Ini Penyebab IHSG Gagal Menguat di Akhir Perdagangan

Indeks Harga Saham Gabungan (IHSG) ditutup koreksi tipis pada perdagangan Selasa (25/11/2022), setelah sempat bergerak pada perdagangan sesi I Hari ini.

Menurut data dari Bursa Efek Indonesia (BEI), indeks bursa saham acuan Tanah Air tersebut ditutup turun tipis 0,08% ke posisi 7.012,07. IHSG akhirnya masih mampu bertahan di zona psikologis 7.000.

Pada perdagangan sesi I hari ini, IHSG dibuka merah tipis di 7.017,31 tetapi lanjut naik 0,13% ke 7.026,43 pada 09.13 WIB. Meskipun demikian tercatat pada pukul 10:00 WIB IHSG sudah kembali ke zona merah setelah longsor 0,28% ke level 6.977,24. IHSG juga sempat menjebol ke bawah level psikologis 7.000.

Sedangkan di perdagangan sesi II, pelemahan IHSG sedikit terpangkas meski juga sempat bergejolak, tetapi masih lebih baik dibandingkan dengan perdagangan sesi I.

Nilai transaksi indeks pada hari ini mencapai sekitaran Rp 15 triliun dengan melibatkan 25 miliaran saham yang berpindah tangan sebanyak 1,5 juta kali. Sebanyak 238 saham menguat, 274 saham melemah dan 191 saham stagnan.

Saham PT Bank Rakyat Indonesia Tbk (BBCA) menjadi saham yang paling besar nilai transaksinya pada perdagangan hari ini, yakni mencapai Rp 802,9 miliar.

Sedangkan saham PT Bank Central Asia Tbk (BBCA) menyusul di posisi kedua dengan nilai transaksi mencapai Rp 734,8 miliar dan saham PT Astra International Tbk (ASII) di posisi ketiga sebesar Rp 701,1 miliar.

Pergerakan IHSG cenderung berlawanan dengan Bursa Asia-Pasifik yang secara mayoritas menguat. IHSG bersama dengan indeks Nikkei 225 Jepang ditutup melemah. Nikkei melemah 0,48%.

Sedangkan indeks Hang Seng Hong Kong meroket 5,24% Shanghai Composite China melejit 2,31%, Straits Times Singapura melesat 0,95%, ASX 200 Australia bertambah 0,33%, dan KOSPI Korea Selatan melonjak 1,04%.

Tetapi, IHSG cenderung mengikuti pergerakan bursa saham Amerika Serikat (AS), Wall Street pada perdagangan Senin kemarin, yang ditutup ambles.
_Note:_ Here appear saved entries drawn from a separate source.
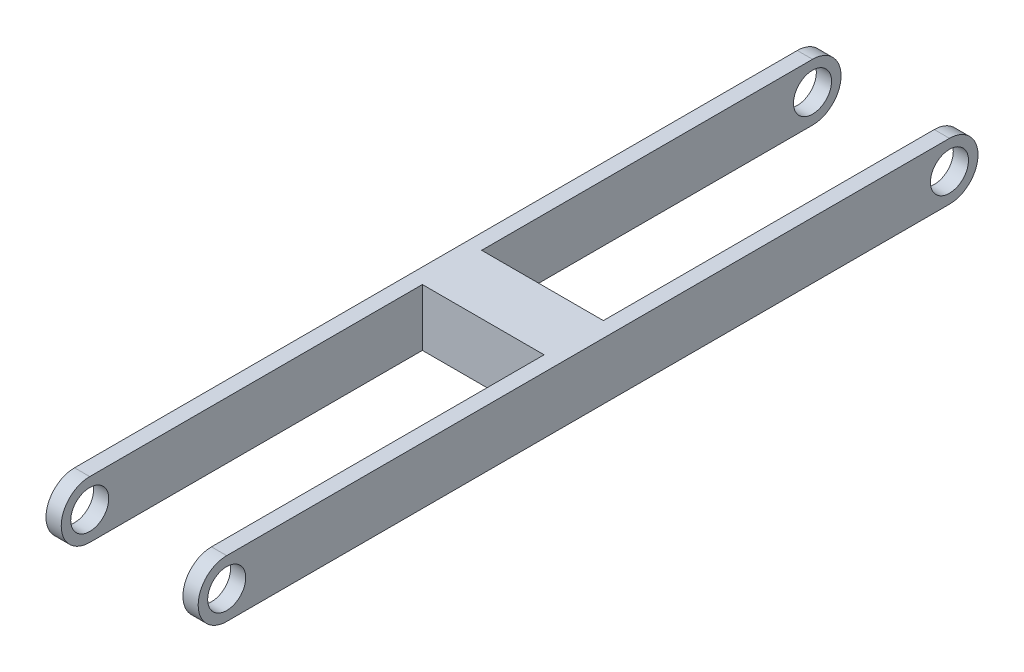
ISO-10303-21;
HEADER;
FILE_DESCRIPTION(('STEP AP214'),'2;1');
FILE_NAME('part.step','',(''),(''),'','','');
FILE_SCHEMA(('AUTOMOTIVE_DESIGN { 1 0 10303 214 1 1 1 1 }'));
ENDSEC;
DATA;
#1=APPLICATION_CONTEXT('core data for automotive mechanical design processes');
#2=APPLICATION_PROTOCOL_DEFINITION('international standard','automotive_design',2000,#1);
#3=PRODUCT_CONTEXT('',#1,'mechanical');
#4=PRODUCT('Part','Part','',(#3));
#5=PRODUCT_RELATED_PRODUCT_CATEGORY('part','',(#4));
#6=PRODUCT_DEFINITION_FORMATION('','',#4);
#7=PRODUCT_DEFINITION_CONTEXT('part definition',#1,'design');
#8=PRODUCT_DEFINITION('design','',#6,#7);
#9=PRODUCT_DEFINITION_SHAPE('','',#8);
#10=(LENGTH_UNIT() NAMED_UNIT(*) SI_UNIT(.MILLI.,.METRE.));
#11=(NAMED_UNIT(*) PLANE_ANGLE_UNIT() SI_UNIT($,.RADIAN.));
#12=(NAMED_UNIT(*) SI_UNIT($,.STERADIAN.) SOLID_ANGLE_UNIT());
#13=UNCERTAINTY_MEASURE_WITH_UNIT(LENGTH_MEASURE(1.E-05),#10,'distance_accuracy_value','');
#14=(GEOMETRIC_REPRESENTATION_CONTEXT(3) GLOBAL_UNCERTAINTY_ASSIGNED_CONTEXT((#13)) GLOBAL_UNIT_ASSIGNED_CONTEXT((#10,
#11,#12)) REPRESENTATION_CONTEXT('',''));
#15=CARTESIAN_POINT('',(0.,0.,0.));
#16=DIRECTION('',(0.,0.,1.));
#17=DIRECTION('',(1.,0.,0.));
#18=AXIS2_PLACEMENT_3D('',#15,#16,#17);
#19=CARTESIAN_POINT('',(20.,0.,47.4999999999999));
#20=DIRECTION('',(-1.,0.,0.));
#21=DIRECTION('',(0.,0.,1.));
#22=AXIS2_PLACEMENT_3D('',#19,#20,#21);
#23=CYLINDRICAL_SURFACE('',#22,3.74999999999997);
#24=CARTESIAN_POINT('',(18.,0.,47.4999999999999));
#25=DIRECTION('',(1.,0.,0.));
#26=DIRECTION('',(0.,0.,-1.));
#27=AXIS2_PLACEMENT_3D('',#24,#25,#26);
#28=CIRCLE('',#27,3.74999999999997);
#29=CARTESIAN_POINT('',(18.,3.74999999999997,47.4999999999999));
#30=VERTEX_POINT('',#29);
#31=CARTESIAN_POINT('',(18.,-3.75000000000003,47.4999999999999));
#32=VERTEX_POINT('',#31);
#33=EDGE_CURVE('E177',#30,#32,#28,.T.);
#34=ORIENTED_EDGE('',*,*,#33,.T.);
#35=DIRECTION('',(-1.,0.,0.));
#36=VECTOR('',#35,1.);
#37=CARTESIAN_POINT('',(20.,-3.74999999999997,47.4999999999999));
#38=LINE('',#37,#36);
#39=CARTESIAN_POINT('',(20.,-3.74999999999997,47.4999999999999));
#40=VERTEX_POINT('',#39);
#41=EDGE_CURVE('E139',#40,#32,#38,.T.);
#42=ORIENTED_EDGE('',*,*,#41,.F.);
#43=CARTESIAN_POINT('',(20.,0.,47.4999999999999));
#44=DIRECTION('',(1.,0.,0.));
#45=DIRECTION('',(0.,0.,1.));
#46=AXIS2_PLACEMENT_3D('',#43,#44,#45);
#47=CIRCLE('',#46,3.74999999999997);
#48=CARTESIAN_POINT('',(20.,3.74999999999997,47.4999999999999));
#49=VERTEX_POINT('',#48);
#50=EDGE_CURVE('E192',#49,#40,#47,.T.);
#51=ORIENTED_EDGE('',*,*,#50,.F.);
#52=DIRECTION('',(-1.,0.,0.));
#53=VECTOR('',#52,1.);
#54=CARTESIAN_POINT('',(20.,3.74999999999997,47.4999999999999));
#55=LINE('',#54,#53);
#56=EDGE_CURVE('E213',#49,#30,#55,.T.);
#57=ORIENTED_EDGE('',*,*,#56,.T.);
#58=EDGE_LOOP('',(#34,#42,#51,#57));
#59=FACE_BOUND('',#58,.T.);
#60=ADVANCED_FACE('F32',(#59),#23,.T.);
#61=CARTESIAN_POINT('',(20.,0.,-47.5000000000001));
#62=DIRECTION('',(-1.,0.,0.));
#63=DIRECTION('',(0.,0.,1.));
#64=AXIS2_PLACEMENT_3D('',#61,#62,#63);
#65=CYLINDRICAL_SURFACE('',#64,3.75);
#66=CARTESIAN_POINT('',(1.99999999999999,0.,-47.5000000000001));
#67=DIRECTION('',(-1.,0.,0.));
#68=DIRECTION('',(0.,0.,1.));
#69=AXIS2_PLACEMENT_3D('',#66,#67,#68);
#70=CIRCLE('',#69,3.75);
#71=CARTESIAN_POINT('',(1.99999999999999,3.75000000000002,-47.5000000000001));
#72=VERTEX_POINT('',#71);
#73=CARTESIAN_POINT('',(1.99999999999999,-3.74999999999998,-47.5000000000001));
#74=VERTEX_POINT('',#73);
#75=EDGE_CURVE('E167',#72,#74,#70,.T.);
#76=ORIENTED_EDGE('',*,*,#75,.T.);
#77=DIRECTION('',(-1.,0.,0.));
#78=VECTOR('',#77,1.);
#79=CARTESIAN_POINT('',(20.,-3.74999999999998,-47.5000000000001));
#80=LINE('',#79,#78);
#81=CARTESIAN_POINT('',(0.,-3.74999999999998,-47.5000000000001));
#82=VERTEX_POINT('',#81);
#83=EDGE_CURVE('E220',#74,#82,#80,.T.);
#84=ORIENTED_EDGE('',*,*,#83,.T.);
#85=CARTESIAN_POINT('',(0.,0.,-47.5000000000001));
#86=DIRECTION('',(1.,0.,0.));
#87=DIRECTION('',(0.,0.,1.));
#88=AXIS2_PLACEMENT_3D('',#85,#86,#87);
#89=CIRCLE('',#88,3.75);
#90=CARTESIAN_POINT('',(0.,3.75000000000002,-47.5000000000001));
#91=VERTEX_POINT('',#90);
#92=EDGE_CURVE('E208',#82,#91,#89,.T.);
#93=ORIENTED_EDGE('',*,*,#92,.T.);
#94=DIRECTION('',(-1.,0.,0.));
#95=VECTOR('',#94,1.);
#96=CARTESIAN_POINT('',(20.,3.75000000000002,-47.5000000000001));
#97=LINE('',#96,#95);
#98=EDGE_CURVE('E216',#72,#91,#97,.T.);
#99=ORIENTED_EDGE('',*,*,#98,.F.);
#100=EDGE_LOOP('',(#76,#84,#93,#99));
#101=FACE_BOUND('',#100,.T.);
#102=ADVANCED_FACE('F248',(#101),#65,.T.);
#103=CARTESIAN_POINT('',(20.,0.,47.4999999999999));
#104=DIRECTION('',(-1.,0.,0.));
#105=DIRECTION('',(0.,0.,1.));
#106=AXIS2_PLACEMENT_3D('',#103,#104,#105);
#107=CYLINDRICAL_SURFACE('',#106,2.5);
#108=CARTESIAN_POINT('',(18.,0.,47.4999999999999));
#109=DIRECTION('',(1.,0.,0.));
#110=DIRECTION('',(0.,0.,-1.));
#111=AXIS2_PLACEMENT_3D('',#108,#109,#110);
#112=CIRCLE('',#111,2.5);
#113=CARTESIAN_POINT('',(18.,0.,44.9999999999999));
#114=VERTEX_POINT('',#113);
#115=EDGE_CURVE('E175',#114,#114,#112,.T.);
#116=ORIENTED_EDGE('',*,*,#115,.F.);
#117=EDGE_LOOP('',(#116));
#118=FACE_BOUND('',#117,.T.);
#119=CARTESIAN_POINT('',(20.,0.,47.4999999999999));
#120=DIRECTION('',(1.,0.,0.));
#121=DIRECTION('',(0.,0.,-1.));
#122=AXIS2_PLACEMENT_3D('',#119,#120,#121);
#123=CIRCLE('',#122,2.5);
#124=CARTESIAN_POINT('',(20.,0.,44.9999999999999));
#125=VERTEX_POINT('',#124);
#126=EDGE_CURVE('E186',#125,#125,#123,.T.);
#127=ORIENTED_EDGE('',*,*,#126,.T.);
#128=EDGE_LOOP('',(#127));
#129=FACE_BOUND('',#128,.T.);
#130=ADVANCED_FACE('F282',(#118,#129),#107,.F.);
#131=CARTESIAN_POINT('',(20.,0.,-47.5000000000001));
#132=DIRECTION('',(-1.,0.,0.));
#133=DIRECTION('',(0.,0.,1.));
#134=AXIS2_PLACEMENT_3D('',#131,#132,#133);
#135=CYLINDRICAL_SURFACE('',#134,2.5);
#136=CARTESIAN_POINT('',(1.99999999999999,0.,-47.5000000000001));
#137=DIRECTION('',(-1.,0.,0.));
#138=DIRECTION('',(0.,0.,1.));
#139=AXIS2_PLACEMENT_3D('',#136,#137,#138);
#140=CIRCLE('',#139,2.5);
#141=CARTESIAN_POINT('',(1.99999999999999,0.,-45.0000000000001));
#142=VERTEX_POINT('',#141);
#143=EDGE_CURVE('E163',#142,#142,#140,.T.);
#144=ORIENTED_EDGE('',*,*,#143,.F.);
#145=EDGE_LOOP('',(#144));
#146=FACE_BOUND('',#145,.T.);
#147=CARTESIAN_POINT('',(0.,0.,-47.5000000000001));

Indeks Dow Jones Industrial Average (DJIA) ditutup ambles 1,45%, S&P 500 ambrol 1,54%, dan Nasdaq Composite ambruk 1,58%.

Pengamat pasar memperkirakan lebih banyak volatilitas ke depan karena investor mencerna serangkaian data ekonomi yang akan datang akhir pekan ini, yang akan memberikan informasi lebih lanjut tentang keadaan ekonomi AS.

Rilis utama termasuk indeks pengeluaran konsumsi pribadi (personal consumption expenditure/PCE) pada Kamis dan rilis laporan penggajian AS periode November yang dijadwalkan pada Jumat mendatang.

Investor juga akan menantikan pidato dari Ketua bank sentral AS (Federal Reserve/The Fed), Jerome Powell untuk mencari petunjuk tentang seperti apa kenaikan suku bunga di masa depan karena Fed terus berusaha untuk menurunkan angka inflasi.

Di lain sisi, IHSG melemah karena pelaku pasar memperhatikan kondisi di China, di mana aksi protes besar-besaran di China masih terjadi akibat kebijakan Zero Covid atau nol-Covid.

Strategi China menekan kasus Covid-19 saat ini memicu frustrasi publik. AFP menulis, bagaimana banyak warga lelah dengan penguncian cepat, karantina yang lama, dan kampanye pengujian massal.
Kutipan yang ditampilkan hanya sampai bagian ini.